Extreme heterogeneity in parasitism despite low population genetic structure among monarch butterflies inhabiting the Hawaiian Islands

• Published in: PloS one Vol. 9; no. 6; p. e100061
• Main Authors: Pierce, Amanda A, de Roode, Jacobus C, Altizer, Sonia, Bartel, Rebecca A
• Format: Journal Article
• Language: English
• Published: United States Public Library of Science 13.06.2014; Public Library of Science (PLoS)
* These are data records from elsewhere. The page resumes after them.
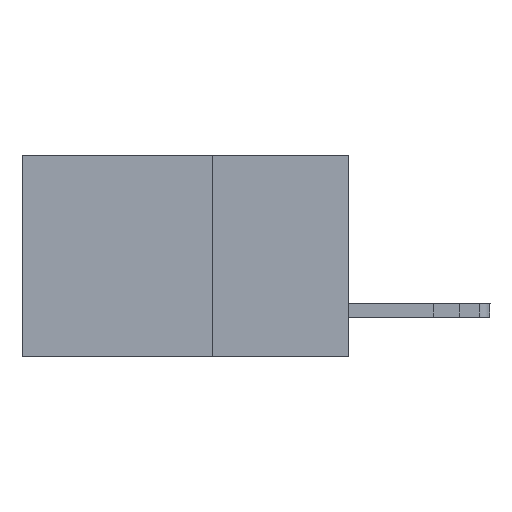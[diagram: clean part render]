
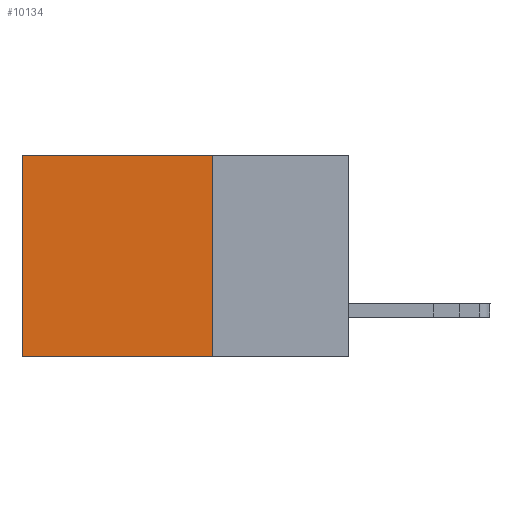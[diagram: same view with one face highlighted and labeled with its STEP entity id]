
A CAD part, left-side view. The second image highlights one B-rep face of the part: STEP entity #10134.
In plain terms, the highlighted planar face has unit normal (-1, 0, 0).
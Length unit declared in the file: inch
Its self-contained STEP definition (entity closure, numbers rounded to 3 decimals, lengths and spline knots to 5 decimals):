
#710 = DIRECTION ( 'NONE',  ( 0., 0., -1. ) ) ;
#1028 = CARTESIAN_POINT ( 'NONE',  ( 0.2615, 0.25, -0.37 ) ) ;
#1962 = VECTOR ( 'NONE', #14728, 39.37008 ) ;
#2434 = LINE ( 'NONE', #15402, #1962 ) ;
#3862 = EDGE_CURVE ( 'NONE', #15739, #15835, #2434, .T. ) ;
#3916 = DIRECTION ( 'NONE',  ( 0., 1., 0. ) ) ;
#3938 = DIRECTION ( 'NONE',  ( 0., 1., 0. ) ) ;
#4277 = CARTESIAN_POINT ( 'NONE',  ( 0.2615, 0.25, -0.37 ) ) ;
#4391 = EDGE_CURVE ( 'NONE', #14600, #14052, #16109, .T. ) ;
#4789 = CARTESIAN_POINT ( 'NONE',  ( 0.2615, 0.25, -0.37 ) ) ;
#5441 = VECTOR ( 'NONE', #3938, 39.37008 ) ;
#5621 = CARTESIAN_POINT ( 'NONE',  ( 0.2615, 0.6, 0. ) ) ;
#5809 = CARTESIAN_POINT ( 'NONE',  ( 0.2615, 0.6, -0.37 ) ) ;
#6175 = DIRECTION ( 'NONE',  ( 1., 0., 0. ) ) ;
#6638 = LINE ( 'NONE', #12333, #9935 ) ;
#6865 = CARTESIAN_POINT ( 'NONE',  ( 0.2615, 0.25, 0. ) ) ;
#8105 = ORIENTED_EDGE ( 'NONE', *, *, #4391, .F. ) ;
#8722 = ORIENTED_EDGE ( 'NONE', *, *, #12732, .T. ) ;
#9730 = EDGE_CURVE ( 'NONE', #14052, #15835, #6638, .T. ) ;
#9935 = VECTOR ( 'NONE', #3916, 39.37008 ) ;
#10134 = ADVANCED_FACE ( 'NONE', ( #13918 ), #13088, .F. ) ;
#12146 = VECTOR ( 'NONE', #710, 39.37008 ) ;
#12333 = CARTESIAN_POINT ( 'NONE',  ( 0.2615, 0.25, -0.37 ) ) ;
#12732 = EDGE_CURVE ( 'NONE', #14600, #15739, #16348, .T. ) ;
#13088 = PLANE ( 'NONE',  #14067 ) ;
#13918 = FACE_OUTER_BOUND ( 'NONE', #15963, .T. ) ;
#14052 = VERTEX_POINT ( 'NONE', #4277 ) ;
#14067 = AXIS2_PLACEMENT_3D ( 'NONE', #4789, #6175, #15760 ) ;
#14600 = VERTEX_POINT ( 'NONE', #6865 ) ;
#14728 = DIRECTION ( 'NONE',  ( 0., 0., -1. ) ) ;
#14768 = ORIENTED_EDGE ( 'NONE', *, *, #9730, .F. ) ;
#14921 = ORIENTED_EDGE ( 'NONE', *, *, #3862, .T. ) ;
#15402 = CARTESIAN_POINT ( 'NONE',  ( 0.2615, 0.6, -0.37 ) ) ;
#15739 = VERTEX_POINT ( 'NONE', #5621 ) ;
#15760 = DIRECTION ( 'NONE',  ( 0., 0., -1. ) ) ;
#15835 = VERTEX_POINT ( 'NONE', #5809 ) ;
#15963 = EDGE_LOOP ( 'NONE', ( #14921, #14768, #8105, #8722 ) ) ;
#16109 = LINE ( 'NONE', #1028, #12146 ) ;
#16300 = CARTESIAN_POINT ( 'NONE',  ( 0.2615, 0.25, 0. ) ) ;
#16348 = LINE ( 'NONE', #16300, #5441 ) ;

• Subjects: Animal behavior; Animal Migration; Animals; Biological evolution; Biology and Life Sciences; Butterflies; Butterflies & moths; Butterflies - genetics; Butterflies - parasitology; Climate; Colonization; Danaus plexippus; Ecological effects; Ecology; Ecology and Environmental Sciences; Evolution; Female; Gene flow; Genetic diversity; Genetic Heterogeneity; Genetic markers; Genetic structure; Genetic Variation; Genetics, Population; Habitats; Hawaii - epidemiology; Health aspects; Heterogeneity; Host-Parasite Interactions - genetics; Inbreeding; Infection; Infections; Infectious diseases; Insect migration; Islands; Male; Medicine and Health Sciences; Microsatellite Repeats - genetics; Microsatellites; Migration; Monarch butterfly; Parasites; Parasitism; Population genetics; Populations; Prevalence; Protozoa; Protozoan Infections, Animal - epidemiology; Protozoan Infections, Animal - genetics; Protozoan Infections, Animal - parasitology; Protozoan Infections, Animal - transmission; Spatial heterogeneity; Species extinction; Hawaii; Atlanta Georgia; Georgia; United States > US; North America
• ISSN: 1932-6203; 1932-6203
• DOI: 10.1371/journal.pone.0100061

Host movement and spatial structure can strongly influence the ecology and evolution of infectious diseases, with limited host movement potentially leading to high spatial heterogeneity in infection. Monarch butterflies (Danaus plexippus) are best known for undertaking a spectacular long-distance migration in eastern North America; however, they also form non-migratory populations that breed year-round in milder climates such as Hawaii and other tropical locations. Prior work showed an inverse relationship between monarch migratory propensity and the prevalence of the protozoan parasite, Ophryocystis elektroscirrha. Here, we sampled monarchs from replicate sites within each of four Hawaiian Islands to ask whether these populations show consistently high prevalence of the protozoan parasite as seen for monarchs from several other non-migratory populations. Counter to our predictions, we observed striking spatial heterogeneity in parasite prevalence, with infection rates per site ranging from 4-85%. We next used microsatellite markers to ask whether the observed variation in infection might be explained by limited host movement and spatial sub-structuring among sites. Our results showed that monarchs across the Hawaiian Islands form one admixed population, supporting high gene flow among sites. Moreover, measures of individual-level genetic diversity did not predict host infection status, as might be expected if more inbred hosts harbored higher parasite loads. These results suggest that other factors such as landscape-level environmental variation or colonization-extinction processes might instead cause the extreme heterogeneity in monarch butterfly infection observed here.